[Entries taken from a collection]
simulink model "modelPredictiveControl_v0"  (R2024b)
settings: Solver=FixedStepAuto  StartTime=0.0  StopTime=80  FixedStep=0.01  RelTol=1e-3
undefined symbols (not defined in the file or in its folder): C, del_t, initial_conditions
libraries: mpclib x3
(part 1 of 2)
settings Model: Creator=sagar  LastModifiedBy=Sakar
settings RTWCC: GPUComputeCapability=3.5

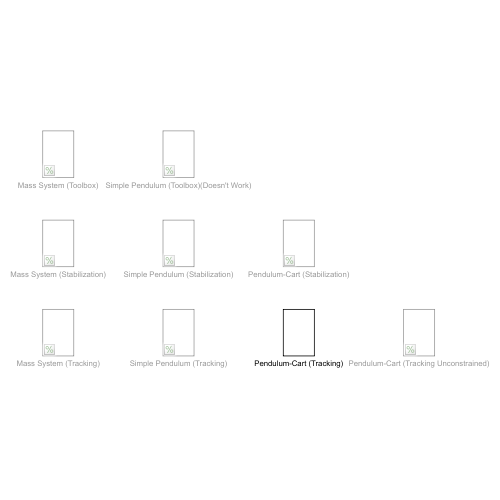
[thumbnail: Simulink's stored preview of the top-level diagram]
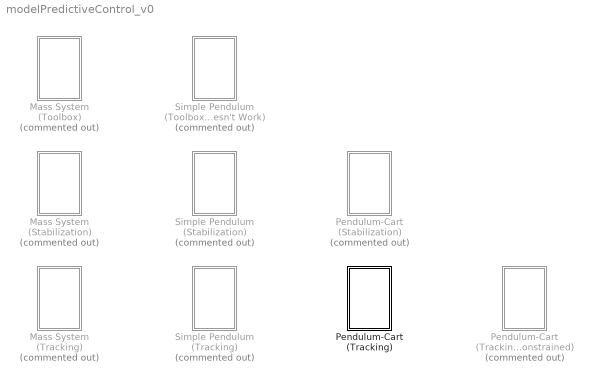
== system modelPredictiveControl_v0 ==
  Mass System (Stabilization) : Subsystem  Commented=on
  Mass System (Toolbox) : Subsystem  Commented=on
  Mass System (Tracking) : Subsystem  Commented=on
  Pendulum-Cart (Stabilization) : Subsystem  Commented=on
  Pendulum-Cart (Tracking Unconstrained) : Subsystem  Commented=on
  Pendulum-Cart (Tracking) : Subsystem
  Simple Pendulum (Stabilization) : Subsystem  Commented=on
  Simple Pendulum (Toolbox)(Doesn't Work) : Subsystem  Commented=on
  Simple Pendulum (Tracking) : Subsystem  Commented=on

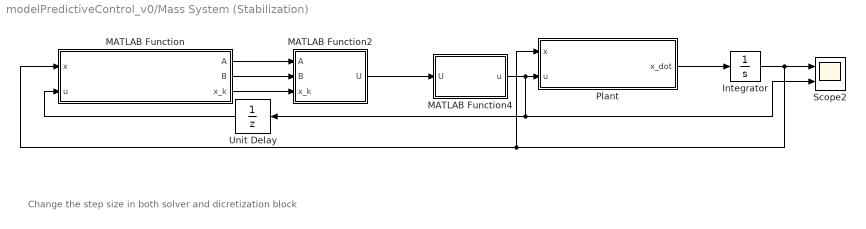
== system modelPredictiveControl_v0/Mass System (Stabilization) ==
  note: Change the step size in both solver and dicretization block
  Integrator : Integrator  InitialCondition=initial_conditions
  MATLAB Function : MATLAB Function  TreatAsAtomicUnit=on
  MATLAB Function2 : MATLAB Function  TreatAsAtomicUnit=on
  MATLAB Function4 : MATLAB Function  TreatAsAtomicUnit=on
  Plant : MATLAB Function  TreatAsAtomicUnit=on
  Scope2 : Scope  NumInputPorts=2
  Unit Delay : UnitDelay  SampleTime=-1  HasFrameUpgradeWarning=on
  wires:
  Plant/1(x_dot) -> Integrator/1
  Integrator/1 -> Scope2/1, Plant/1(x), MATLAB Function/1(x)
  MATLAB Function2/1(U) -> MATLAB Function4/1(U)
  MATLAB Function/1(A) -> MATLAB Function2/1(A)
  MATLAB Function/2(B) -> MATLAB Function2/2(B)
  MATLAB Function/3(x_k) -> MATLAB Function2/3(x_k)
  MATLAB Function4/1(u) -> Scope2/2, Unit Delay/1, Plant/2(u)
  Unit Delay/1 -> MATLAB Function/2(u)

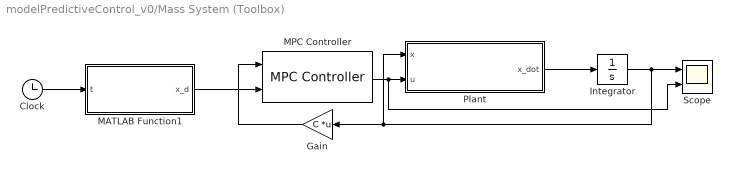
== system modelPredictiveControl_v0/Mass System (Toolbox) ==
  Clock : Clock
  Gain : Gain  Gain=C  Multiplication=Matrix(K*u)
  Integrator : Integrator  InitialCondition=initial_conditions
  MATLAB Function1 : MATLAB Function  TreatAsAtomicUnit=on
  MPC Controller : mpclib/MPC Controller  SCDEnableBlockLinearizationSpecification=on  mpcobj=mpc1  is_multiple=0  enable_value=0  return_u0=off  updateMPCinCallerWorkspace=on  md_inport=off  mv_inport=off  uref_inport=off  return_cost=off  return_mvseq=off  return_qpstatus=off  return_xseq=off  return_state=off  return_ovseq=off  state_inport=off  umin_inport=off  umax_inport=off  ymin_inport=off  ymax_inport=off  cc_inport=off  ywt_inport=off  uwt_inport=off  duwt_inport=off  rhoeps_inport=off  pm_inport=off  MaximumP=10  HorizonChoice=FixedHorizon  n_ts=0.01  n_p=50  n_mv=1  n_md=0  n_ud=0  n_mo=1  n_uo=0  BlockDataType=double  SampleTimeInherited=off  switch_inport=off
  Plant : MATLAB Function  TreatAsAtomicUnit=on
  Scope : Scope  NumInputPorts=2
  wires:
  MPC Controller/1 -> Scope/2, Plant/2(u)
  Plant/1(x_dot) -> Integrator/1
  Integrator/1 -> Scope/1, Plant/1(x), Gain/1
  Clock/1 -> MATLAB Function1/1(t)
  MATLAB Function1/1(x_d) -> MPC Controller/2
  Gain/1 -> MPC Controller/1

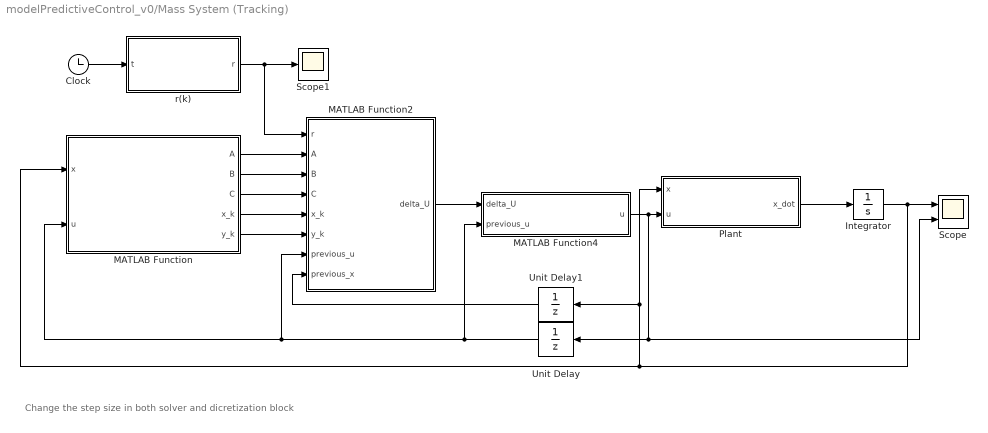
== system modelPredictiveControl_v0/Mass System (Tracking) ==
  note: Change the step size in both solver and dicretization block
  Clock : Clock
  Integrator : Integrator  InitialCondition=initial_conditions
  MATLAB Function : MATLAB Function  TreatAsAtomicUnit=on
  MATLAB Function2 : MATLAB Function  TreatAsAtomicUnit=on
  MATLAB Function4 : MATLAB Function  TreatAsAtomicUnit=on
  Plant : MATLAB Function  TreatAsAtomicUnit=on
  Scope : Scope  NumInputPorts=2
  Scope1 : Scope
  Unit Delay : UnitDelay  SampleTime=-1  HasFrameUpgradeWarning=on
  Unit Delay1 : UnitDelay  SampleTime=-1  HasFrameUpgradeWarning=on
  r(k) : MATLAB Function  TreatAsAtomicUnit=on
  wires:
  Plant/1(x_dot) -> Integrator/1
  Integrator/1 -> Scope/1, Unit Delay1/1, Plant/1(x), MATLAB Function/1(x)
  MATLAB Function2/1(delta_U) -> MATLAB Function4/1(delta_U)
  MATLAB Function/1(A) -> MATLAB Function2/2(A)
  MATLAB Function/2(B) -> MATLAB Function2/3(B)
  MATLAB Function/4(x_k) -> MATLAB Function2/5(x_k)
  MATLAB Function4/1(u) -> Unit Delay/1, Scope/2, Plant/2(u)
  Unit Delay/1 -> MATLAB Function4/2(previous_u), MATLAB Function/2(u), MATLAB Function2/7(previous_u)
  Clock/1 -> r(k)/1(t)
  r(k)/1(r) -> MATLAB Function2/1(r), Scope1/1
  MATLAB Function/3(C) -> MATLAB Function2/4(C)
  Unit Delay1/1 -> MATLAB Function2/8(previous_x)
  MATLAB Function/5(y_k) -> MATLAB Function2/6(y_k)

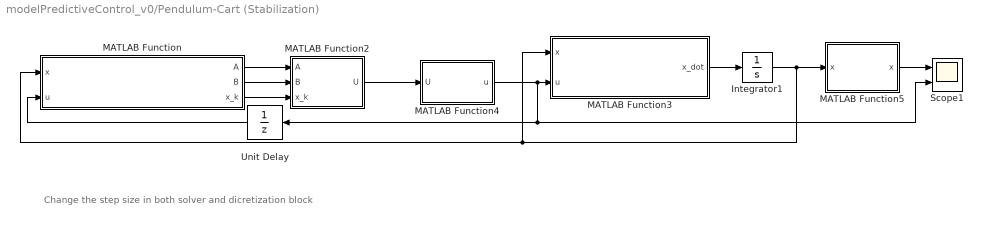
== system modelPredictiveControl_v0/Pendulum-Cart (Stabilization) ==
  note: Change the step size in both solver and dicretization block
  Integrator1 : Integrator  InitialCondition=initial_conditions
  MATLAB Function : MATLAB Function  TreatAsAtomicUnit=on
  MATLAB Function2 : MATLAB Function  TreatAsAtomicUnit=on
  MATLAB Function3 : MATLAB Function  TreatAsAtomicUnit=on
  MATLAB Function4 : MATLAB Function  TreatAsAtomicUnit=on
  MATLAB Function5 : MATLAB Function  TreatAsAtomicUnit=on
  Scope1 : Scope  NumInputPorts=2
  Unit Delay : UnitDelay  SampleTime=-1  HasFrameUpgradeWarning=on
  wires:
  MATLAB Function4/1(u) -> MATLAB Function3/2(u), Unit Delay/1, Scope1/2
  Unit Delay/1 -> MATLAB Function/2(u)
  MATLAB Function2/1(U) -> MATLAB Function4/1(U)
  MATLAB Function/3(x_k) -> MATLAB Function2/3(x_k)
  MATLAB Function/1(A) -> MATLAB Function2/1(A)
  Integrator1/1 -> MATLAB Function5/1("x "), MATLAB Function3/1(x), MATLAB Function/1(x)
  MATLAB Function/2(B) -> MATLAB Function2/2(B)
  MATLAB Function3/1(x_dot) -> Integrator1/1
  MATLAB Function5/1(x) -> Scope1/1

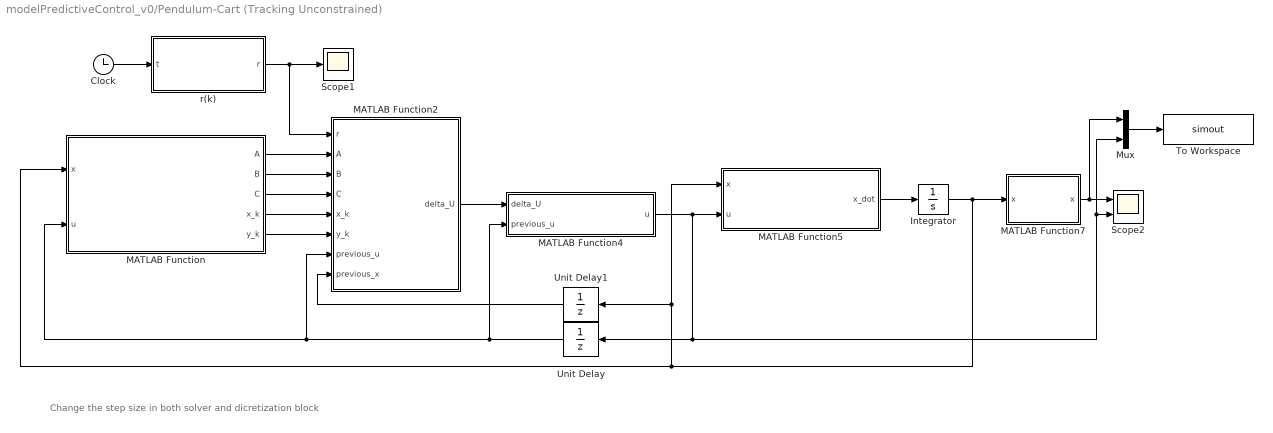
== system modelPredictiveControl_v0/Pendulum-Cart (Tracking Unconstrained) ==
  note: Change the step size in both solver and dicretization block
  Clock : Clock
  Integrator : Integrator  InitialCondition=initial_conditions
  MATLAB Function : MATLAB Function  TreatAsAtomicUnit=on
  MATLAB Function2 : MATLAB Function  TreatAsAtomicUnit=on
  MATLAB Function4 : MATLAB Function  TreatAsAtomicUnit=on
  MATLAB Function5 : MATLAB Function  TreatAsAtomicUnit=on
  MATLAB Function7 : MATLAB Function  TreatAsAtomicUnit=on
  Mux : Mux  Inputs=2
  Scope1 : Scope
  Scope2 : Scope  NumInputPorts=2
  To Workspace : ToWorkspace  VariableName=simout  SaveFormat=Timeseries  SampleTime=-1
  Unit Delay : UnitDelay  SampleTime=-1  HasFrameUpgradeWarning=on
  Unit Delay1 : UnitDelay  SampleTime=-1  HasFrameUpgradeWarning=on
  r(k) : MATLAB Function  TreatAsAtomicUnit=on
  wires:
  MATLAB Function5/1(x_dot) -> Integrator/1
  Integrator/1 -> MATLAB Function7/1("x "), MATLAB Function/1(x), MATLAB Function5/1(x), Unit Delay1/1
  MATLAB Function2/1(delta_U) -> MATLAB Function4/1(delta_U)
  MATLAB Function/1(A) -> MATLAB Function2/2(A)
  MATLAB Function/2(B) -> MATLAB Function2/3(B)
  MATLAB Function/4(x_k) -> MATLAB Function2/5(x_k)
  MATLAB Function4/1(u) -> MATLAB Function5/2(u), Mux/2, Scope2/2, Unit Delay/1
  Unit Delay/1 -> MATLAB Function4/2(previous_u), MATLAB Function/2(u), MATLAB Function2/7(previous_u)
  Clock/1 -> r(k)/1(t)
  r(k)/1(r) -> MATLAB Function2/1(r), Scope1/1
  MATLAB Function/3(C) -> MATLAB Function2/4(C)
  Unit Delay1/1 -> MATLAB Function2/8(previous_x)
  MATLAB Function/5(y_k) -> MATLAB Function2/6(y_k)
  MATLAB Function7/1(x) -> Mux/1, Scope2/1
  Mux/1 -> To Workspace/1

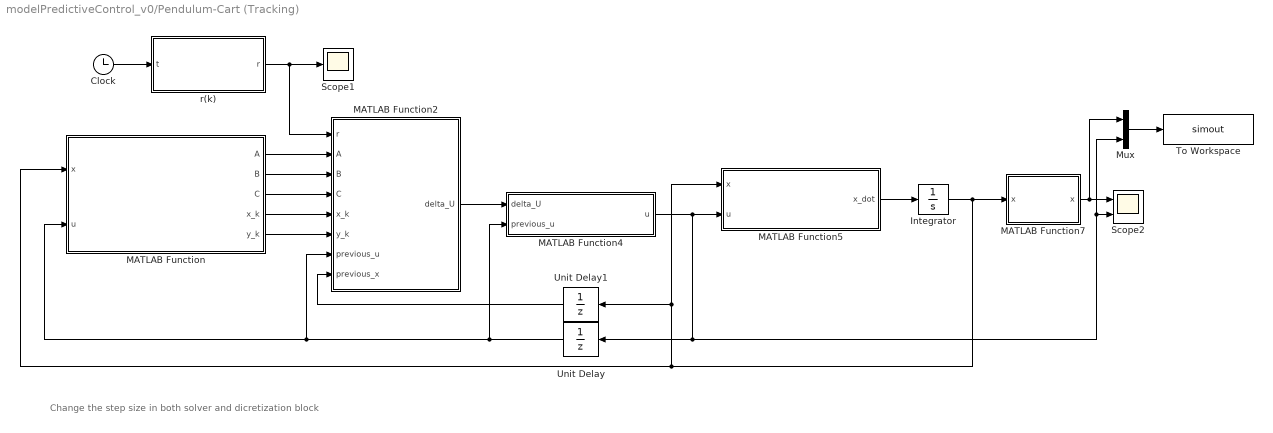
== system modelPredictiveControl_v0/Pendulum-Cart (Tracking) ==
  note: Change the step size in both solver and dicretization block
  Clock : Clock
  Integrator : Integrator  InitialCondition=initial_conditions
  MATLAB Function : MATLAB Function  TreatAsAtomicUnit=on
  MATLAB Function2 : MATLAB Function  TreatAsAtomicUnit=on
  MATLAB Function4 : MATLAB Function  TreatAsAtomicUnit=on
  MATLAB Function5 : MATLAB Function  TreatAsAtomicUnit=on
  MATLAB Function7 : MATLAB Function  TreatAsAtomicUnit=on
  Mux : Mux  Inputs=2
  Scope1 : Scope
  Scope2 : Scope  NumInputPorts=2
  To Workspace : ToWorkspace  VariableName=simout  SaveFormat=Timeseries  SampleTime=-1
  Unit Delay : UnitDelay  SampleTime=-1  HasFrameUpgradeWarning=on
  Unit Delay1 : UnitDelay  SampleTime=-1  HasFrameUpgradeWarning=on
  r(k) : MATLAB Function  TreatAsAtomicUnit=on
  wires:
  MATLAB Function5/1(x_dot) -> Integrator/1
  Integrator/1 -> MATLAB Function7/1("x "), MATLAB Function/1(x), MATLAB Function5/1(x), Unit Delay1/1
  MATLAB Function2/1(delta_U) -> MATLAB Function4/1(delta_U)
  MATLAB Function/1(A) -> MATLAB Function2/2(A)
  MATLAB Function/2(B) -> MATLAB Function2/3(B)
  MATLAB Function/4(x_k) -> MATLAB Function2/5(x_k)
  MATLAB Function4/1(u) -> MATLAB Function5/2(u), Mux/2, Scope2/2, Unit Delay/1
  Unit Delay/1 -> MATLAB Function4/2(previous_u), MATLAB Function/2(u), MATLAB Function2/7(previous_u)
  Clock/1 -> r(k)/1(t)
  r(k)/1(r) -> MATLAB Function2/1(r), Scope1/1
  MATLAB Function/3(C) -> MATLAB Function2/4(C)
  Unit Delay1/1 -> MATLAB Function2/8(previous_x)
  MATLAB Function/5(y_k) -> MATLAB Function2/6(y_k)
  MATLAB Function7/1(x) -> Mux/1, Scope2/1
  Mux/1 -> To Workspace/1

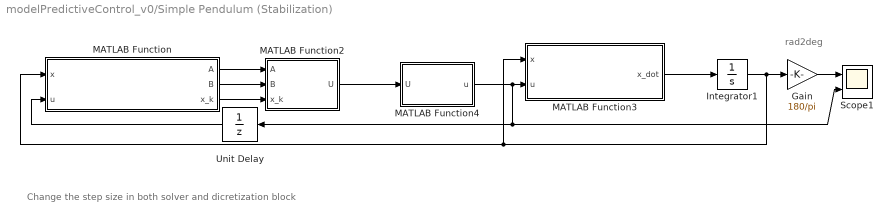
== system modelPredictiveControl_v0/Simple Pendulum (Stabilization) ==
  note: rad2deg
  note: Change the step size in both solver and dicretization block
  Gain : Gain  Gain=180/pi
  Integrator1 : Integrator  InitialCondition=initial_conditions
  MATLAB Function : MATLAB Function  TreatAsAtomicUnit=on
  MATLAB Function2 : MATLAB Function  TreatAsAtomicUnit=on
  MATLAB Function3 : MATLAB Function  TreatAsAtomicUnit=on
  MATLAB Function4 : MATLAB Function  TreatAsAtomicUnit=on
  Scope1 : Scope  NumInputPorts=2
  Unit Delay : UnitDelay  SampleTime=-1  HasFrameUpgradeWarning=on
  wires:
  MATLAB Function4/1(u) -> MATLAB Function3/2(u), Unit Delay/1, Scope1/2
  Unit Delay/1 -> MATLAB Function/2(u)
  MATLAB Function2/1(U) -> MATLAB Function4/1(U)
  MATLAB Function/3(x_k) -> MATLAB Function2/3(x_k)
  MATLAB Function/1(A) -> MATLAB Function2/1(A)
  Integrator1/1 -> Gain/1, MATLAB Function3/1(x), MATLAB Function/1(x)
  MATLAB Function/2(B) -> MATLAB Function2/2(B)
  MATLAB Function3/1(x_dot) -> Integrator1/1
  Gain/1 -> Scope1/1

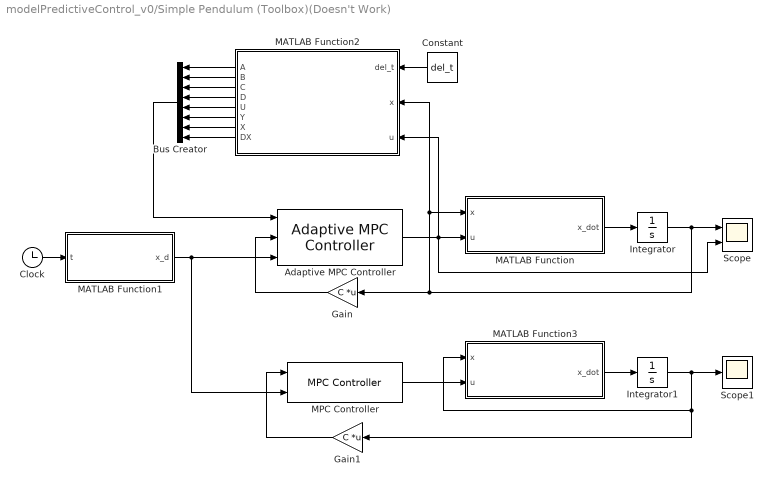
== system modelPredictiveControl_v0/Simple Pendulum (Toolbox)(Doesn't Work) ==
  Adaptive MPC Controller : mpclib/Adaptive MPC Controller  SCDEnableBlockLinearizationSpecification=on  mpcobj=mpc1  enable_value=0  updateMPCinCallerWorkspace=on  md_inport=off  mv_inport=off  uref_inport=off  return_cost=off  return_mvseq=off  return_qpstatus=off  return_xseq=off  return_state=off  return_ovseq=off  state_inport=off  isltv_plant=off  umin_inport=off  umax_inport=off  ymin_inport=off  ymax_inport=off  cc_inport=off  ywt_inport=off  uwt_inport=off  duwt_inport=off  rhoeps_inport=off  pm_inport=off  MaximumP=30  HorizonChoice=FixedHorizon  BlockDataType=double  SampleTimeInherited=off  switch_inport=off
  Bus Creator : BusCreator  Inputs=8
  Clock : Clock
  Constant : Constant  Value=del_t
  Gain : Gain  Gain=C  Multiplication=Matrix(K*u)
  Gain1 : Gain  Gain=C  Multiplication=Matrix(K*u)
  Integrator : Integrator  InitialCondition=initial_conditions
  Integrator1 : Integrator  InitialCondition=initial_conditions
  MATLAB Function : MATLAB Function  TreatAsAtomicUnit=on
  MATLAB Function1 : MATLAB Function  TreatAsAtomicUnit=on
  MATLAB Function2 : MATLAB Function  TreatAsAtomicUnit=on
  MATLAB Function3 : MATLAB Function  TreatAsAtomicUnit=on
  MPC Controller : mpclib/MPC Controller  SCDEnableBlockLinearizationSpecification=on  mpcobj=mpc1  is_multiple=0  enable_value=0  return_u0=off  updateMPCinCallerWorkspace=on  md_inport=off  mv_inport=off  uref_inport=off  return_cost=off  return_mvseq=off  return_qpstatus=off  return_xseq=off  return_state=off  return_ovseq=off  state_inport=off  umin_inport=off  umax_inport=off  ymin_inport=off  ymax_inport=off  cc_inport=off  ywt_inport=off  uwt_inport=off  duwt_inport=off  rhoeps_inport=off  pm_inport=off  MaximumP=10  HorizonChoice=FixedHorizon  n_ts=0.01  n_p=50  n_mv=1  n_md=0  n_ud=0  n_mo=1  n_uo=0  BlockDataType=double  SampleTimeInherited=off  switch_inport=off
  Scope : Scope  NumInputPorts=2
  Scope1 : Scope
  wires:
  Adaptive MPC Controller/1 -> MATLAB Function2/3(u), MATLAB Function/2(u), Scope/2
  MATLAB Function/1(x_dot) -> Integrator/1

§ **Exercise instructions**: Transcribe the lines from the first line of the records through the line that contains "(part 1 of 2)", both included, and add nothing else.

§ **Answer section**:
simulink model "modelPredictiveControl_v0"  (R2024b)
settings: Solver=FixedStepAuto  StartTime=0.0  StopTime=80  FixedStep=0.01  RelTol=1e-3
undefined symbols (not defined in the file or in its folder): C, del_t, initial_conditions
libraries: mpclib x3
(part 1 of 2)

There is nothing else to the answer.